— EXERCISE INSTRUCTIONS —
Restate word for word every entry that appears below, skipping its pictures.

— Stored records —

====

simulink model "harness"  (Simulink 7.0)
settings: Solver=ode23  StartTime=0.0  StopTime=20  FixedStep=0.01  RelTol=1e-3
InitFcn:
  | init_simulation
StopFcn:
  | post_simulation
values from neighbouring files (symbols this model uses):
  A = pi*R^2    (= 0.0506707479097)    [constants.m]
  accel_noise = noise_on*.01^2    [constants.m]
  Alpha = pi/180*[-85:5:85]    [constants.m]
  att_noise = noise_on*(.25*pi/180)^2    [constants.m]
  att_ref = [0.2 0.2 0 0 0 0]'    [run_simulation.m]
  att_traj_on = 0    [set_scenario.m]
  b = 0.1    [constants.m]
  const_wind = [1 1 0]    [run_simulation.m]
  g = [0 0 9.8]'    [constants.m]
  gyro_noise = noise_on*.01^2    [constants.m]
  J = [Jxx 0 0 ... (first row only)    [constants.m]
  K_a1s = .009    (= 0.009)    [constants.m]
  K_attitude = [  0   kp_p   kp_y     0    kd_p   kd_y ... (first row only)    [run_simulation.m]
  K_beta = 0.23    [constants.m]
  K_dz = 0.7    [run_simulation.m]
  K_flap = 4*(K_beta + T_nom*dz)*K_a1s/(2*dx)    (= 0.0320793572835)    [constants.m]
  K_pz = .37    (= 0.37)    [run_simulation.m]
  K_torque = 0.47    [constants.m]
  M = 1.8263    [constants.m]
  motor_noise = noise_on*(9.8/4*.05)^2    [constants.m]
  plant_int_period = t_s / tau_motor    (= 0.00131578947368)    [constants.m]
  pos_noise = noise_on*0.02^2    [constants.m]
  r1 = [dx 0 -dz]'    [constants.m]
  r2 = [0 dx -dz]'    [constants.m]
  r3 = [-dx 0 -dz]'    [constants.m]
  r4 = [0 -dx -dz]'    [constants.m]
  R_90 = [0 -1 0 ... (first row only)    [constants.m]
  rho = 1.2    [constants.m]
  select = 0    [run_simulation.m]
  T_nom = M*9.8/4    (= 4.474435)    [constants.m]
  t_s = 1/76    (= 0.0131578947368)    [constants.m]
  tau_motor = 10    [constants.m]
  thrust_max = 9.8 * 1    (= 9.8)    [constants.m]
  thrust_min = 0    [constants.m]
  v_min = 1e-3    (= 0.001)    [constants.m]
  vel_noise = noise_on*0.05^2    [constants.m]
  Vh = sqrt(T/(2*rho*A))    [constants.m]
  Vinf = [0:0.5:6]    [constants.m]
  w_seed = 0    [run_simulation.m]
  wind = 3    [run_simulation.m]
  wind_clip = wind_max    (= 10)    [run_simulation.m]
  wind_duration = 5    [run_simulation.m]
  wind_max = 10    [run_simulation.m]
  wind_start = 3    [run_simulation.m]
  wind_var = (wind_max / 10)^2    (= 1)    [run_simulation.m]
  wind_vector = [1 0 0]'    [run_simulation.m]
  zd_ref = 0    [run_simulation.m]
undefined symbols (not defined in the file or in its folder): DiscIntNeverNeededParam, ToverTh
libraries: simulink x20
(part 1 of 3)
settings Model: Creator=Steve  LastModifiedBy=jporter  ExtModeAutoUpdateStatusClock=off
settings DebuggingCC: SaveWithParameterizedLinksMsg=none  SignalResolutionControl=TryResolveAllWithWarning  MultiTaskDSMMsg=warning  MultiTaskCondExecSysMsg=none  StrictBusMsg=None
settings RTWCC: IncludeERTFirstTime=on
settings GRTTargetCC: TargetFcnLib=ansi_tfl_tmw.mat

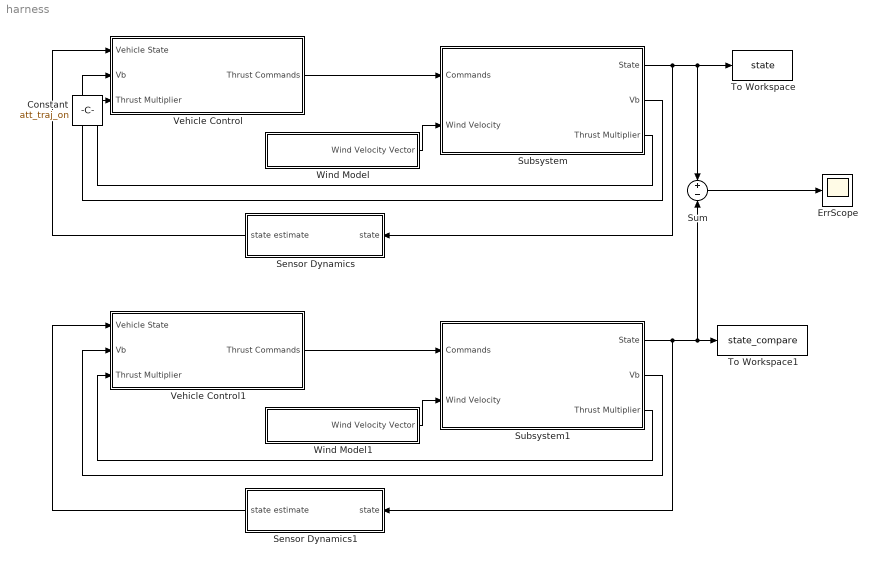
== system harness ==
  ErrScope : Scope
      settings: SaveName=ScopeData22
  Sensor Dynamics : Subsystem  Orientation=left
  Sensor Dynamics1 : Subsystem  Orientation=left
  Subsystem : Subsystem
  Subsystem1 : Subsystem
  Sum : Sum  Inputs=+|-  OutDataType=sfix(16)  OutScaling=2^0
  To Workspace : ToWorkspace  VariableName=state  SampleTime=-1  SaveFormat=Structure With Time
  To Workspace1 : ToWorkspace  VariableName=state_compare  SampleTime=-1  SaveFormat=Structure With Time
  Vehicle Control : Subsystem
  Vehicle Control1 : Subsystem
  Wind Model : Subsystem
  Wind Model1 : Subsystem
  Constant : Constant  IOType=siggen  Value=att_traj_on  OutDataType=sfix(16)  OutScaling=2^0
  wires:
  Wind Model/1(Wind Velocity Vector) -> Subsystem/2(Wind Velocity)
  Vehicle Control/1(Thrust Commands) -> Subsystem/1(Commands)
  Sensor Dynamics/1(state estimate) -> Vehicle Control/1(Vehicle State)
  Subsystem/1(State) -> Sensor Dynamics/1(state), To Workspace/1, Sum/1
  Subsystem/2(Vb) -> Vehicle Control/2(Vb)
  Subsystem/3(Thrust Multiplier) -> Vehicle Control/3(Thrust Multiplier)
  Wind Model1/1(Wind Velocity Vector) -> Subsystem1/2(Wind Velocity)
  Vehicle Control1/1(Thrust Commands) -> Subsystem1/1(Commands)
  Sensor Dynamics1/1(state estimate) -> Vehicle Control1/1(Vehicle State)
  Subsystem1/1(State) -> Sensor Dynamics1/1(state), To Workspace1/1, Sum/2
  Subsystem1/2(Vb) -> Vehicle Control1/2(Vb)
  Subsystem1/3(Thrust Multiplier) -> Vehicle Control1/3(Thrust Multiplier)
  Sum/1 -> ErrScope/1

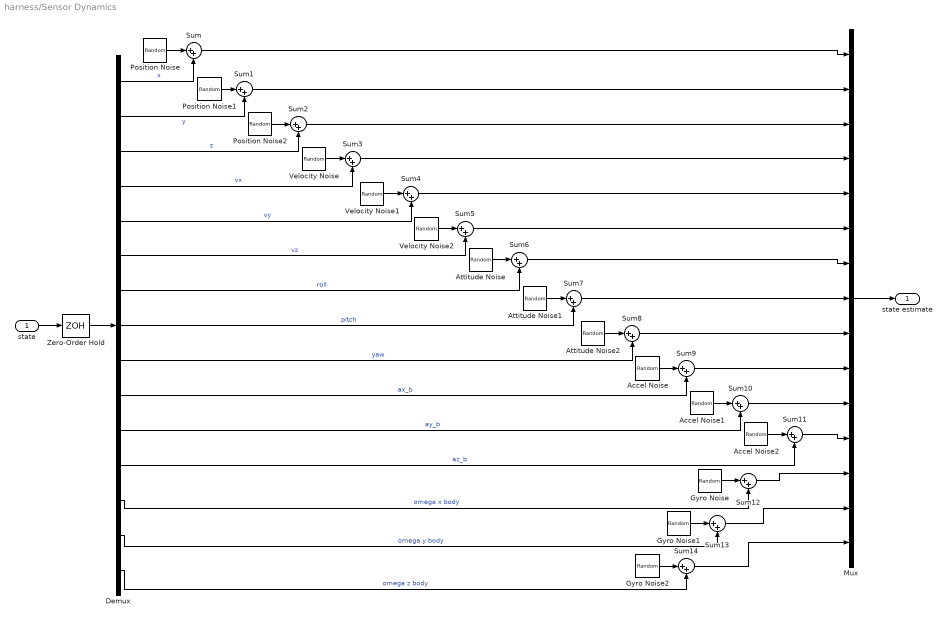
== system harness/Sensor Dynamics ==
  state : Inport  OutDataType=sfix(16)  OutScaling=2^0
  Accel Noise : RandomNumber  Variance=accel_noise  Seed=9  SampleTime=t_s
  Accel Noise1 : RandomNumber  Variance=accel_noise  Seed=10  SampleTime=t_s
  Accel Noise2 : RandomNumber  Variance=accel_noise  Seed=11  SampleTime=t_s
  Attitude Noise : RandomNumber  Variance=att_noise  Seed=6  SampleTime=t_s
  Attitude Noise1 : RandomNumber  Variance=att_noise  Seed=7  SampleTime=t_s
  Attitude Noise2 : RandomNumber  Variance=att_noise  Seed=8  SampleTime=t_s
  Demux : Demux  Outputs=15
  Gyro Noise : RandomNumber  Variance=gyro_noise  Seed=12  SampleTime=t_s
  Gyro Noise1 : RandomNumber  Variance=gyro_noise  Seed=13  SampleTime=t_s
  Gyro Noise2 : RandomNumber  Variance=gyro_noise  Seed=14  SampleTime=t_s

====

— RESPONSE —
simulink model "harness"  (Simulink 7.0)
settings: Solver=ode23  StartTime=0.0  StopTime=20  FixedStep=0.01  RelTol=1e-3
InitFcn:
  | init_simulation
StopFcn:
  | post_simulation
values from neighbouring files (symbols this model uses):
  A = pi*R^2    (= 0.0506707479097)    [constants.m]
  accel_noise = noise_on*.01^2    [constants.m]
  Alpha = pi/180*[-85:5:85]    [constants.m]
  att_noise = noise_on*(.25*pi/180)^2    [constants.m]
  att_ref = [0.2 0.2 0 0 0 0]'    [run_simulation.m]
  att_traj_on = 0    [set_scenario.m]
  b = 0.1    [constants.m]
  const_wind = [1 1 0]    [run_simulation.m]
  g = [0 0 9.8]'    [constants.m]
  gyro_noise = noise_on*.01^2    [constants.m]
  J = [Jxx 0 0 ... (first row only)    [constants.m]
  K_a1s = .009    (= 0.009)    [constants.m]
  K_attitude = [  0   kp_p   kp_y     0    kd_p   kd_y ... (first row only)    [run_simulation.m]
  K_beta = 0.23    [constants.m]
  K_dz = 0.7    [run_simulation.m]
  K_flap = 4*(K_beta + T_nom*dz)*K_a1s/(2*dx)    (= 0.0320793572835)    [constants.m]
  K_pz = .37    (= 0.37)    [run_simulation.m]
  K_torque = 0.47    [constants.m]
  M = 1.8263    [constants.m]
  motor_noise = noise_on*(9.8/4*.05)^2    [constants.m]
  plant_int_period = t_s / tau_motor    (= 0.00131578947368)    [constants.m]
  pos_noise = noise_on*0.02^2    [constants.m]
  r1 = [dx 0 -dz]'    [constants.m]
  r2 = [0 dx -dz]'    [constants.m]
  r3 = [-dx 0 -dz]'    [constants.m]
  r4 = [0 -dx -dz]'    [constants.m]
  R_90 = [0 -1 0 ... (first row only)    [constants.m]
  rho = 1.2    [constants.m]
  select = 0    [run_simulation.m]
  T_nom = M*9.8/4    (= 4.474435)    [constants.m]
  t_s = 1/76    (= 0.0131578947368)    [constants.m]
  tau_motor = 10    [constants.m]
  thrust_max = 9.8 * 1    (= 9.8)    [constants.m]
  thrust_min = 0    [constants.m]
  v_min = 1e-3    (= 0.001)    [constants.m]
  vel_noise = noise_on*0.05^2    [constants.m]
  Vh = sqrt(T/(2*rho*A))    [constants.m]
  Vinf = [0:0.5:6]    [constants.m]
  w_seed = 0    [run_simulation.m]
  wind = 3    [run_simulation.m]
  wind_clip = wind_max    (= 10)    [run_simulation.m]
  wind_duration = 5    [run_simulation.m]
  wind_max = 10    [run_simulation.m]
  wind_start = 3    [run_simulation.m]
  wind_var = (wind_max / 10)^2    (= 1)    [run_simulation.m]
  wind_vector = [1 0 0]'    [run_simulation.m]
  zd_ref = 0    [run_simulation.m]
undefined symbols (not defined in the file or in its folder): DiscIntNeverNeededParam, ToverTh
libraries: simulink x20
(part 1 of 3)
settings Model: Creator=Steve  LastModifiedBy=jporter  ExtModeAutoUpdateStatusClock=off
settings DebuggingCC: SaveWithParameterizedLinksMsg=none  SignalResolutionControl=TryResolveAllWithWarning  MultiTaskDSMMsg=warning  MultiTaskCondExecSysMsg=none  StrictBusMsg=None
settings RTWCC: IncludeERTFirstTime=on
settings GRTTargetCC: TargetFcnLib=ansi_tfl_tmw.mat

== system harness ==
  ErrScope : Scope
      settings: SaveName=ScopeData22
  Sensor Dynamics : Subsystem  Orientation=left
  Sensor Dynamics1 : Subsystem  Orientation=left
  Subsystem : Subsystem
  Subsystem1 : Subsystem
  Sum : Sum  Inputs=+|-  OutDataType=sfix(16)  OutScaling=2^0
  To Workspace : ToWorkspace  VariableName=state  SampleTime=-1  SaveFormat=Structure With Time
  To Workspace1 : ToWorkspace  VariableName=state_compare  SampleTime=-1  SaveFormat=Structure With Time
  Vehicle Control : Subsystem
  Vehicle Control1 : Subsystem
  Wind Model : Subsystem
  Wind Model1 : Subsystem
  Constant : Constant  IOType=siggen  Value=att_traj_on  OutDataType=sfix(16)  OutScaling=2^0
  wires:
  Wind Model/1(Wind Velocity Vector) -> Subsystem/2(Wind Velocity)
  Vehicle Control/1(Thrust Commands) -> Subsystem/1(Commands)
  Sensor Dynamics/1(state estimate) -> Vehicle Control/1(Vehicle State)
  Subsystem/1(State) -> Sensor Dynamics/1(state), To Workspace/1, Sum/1
  Subsystem/2(Vb) -> Vehicle Control/2(Vb)
  Subsystem/3(Thrust Multiplier) -> Vehicle Control/3(Thrust Multiplier)
  Wind Model1/1(Wind Velocity Vector) -> Subsystem1/2(Wind Velocity)
  Vehicle Control1/1(Thrust Commands) -> Subsystem1/1(Commands)
  Sensor Dynamics1/1(state estimate) -> Vehicle Control1/1(Vehicle State)
  Subsystem1/1(State) -> Sensor Dynamics1/1(state), To Workspace1/1, Sum/2
  Subsystem1/2(Vb) -> Vehicle Control1/2(Vb)
  Subsystem1/3(Thrust Multiplier) -> Vehicle Control1/3(Thrust Multiplier)
  Sum/1 -> ErrScope/1

== system harness/Sensor Dynamics ==
  state : Inport  OutDataType=sfix(16)  OutScaling=2^0
  Accel Noise : RandomNumber  Variance=accel_noise  Seed=9  SampleTime=t_s
  Accel Noise1 : RandomNumber  Variance=accel_noise  Seed=10  SampleTime=t_s
  Accel Noise2 : RandomNumber  Variance=accel_noise  Seed=11  SampleTime=t_s
  Attitude Noise : RandomNumber  Variance=att_noise  Seed=6  SampleTime=t_s
  Attitude Noise1 : RandomNumber  Variance=att_noise  Seed=7  SampleTime=t_s
  Attitude Noise2 : RandomNumber  Variance=att_noise  Seed=8  SampleTime=t_s
  Demux : Demux  Outputs=15
  Gyro Noise : RandomNumber  Variance=gyro_noise  Seed=12  SampleTime=t_s
  Gyro Noise1 : RandomNumber  Variance=gyro_noise  Seed=13  SampleTime=t_s
  Gyro Noise2 : RandomNumber  Variance=gyro_noise  Seed=14  SampleTime=t_s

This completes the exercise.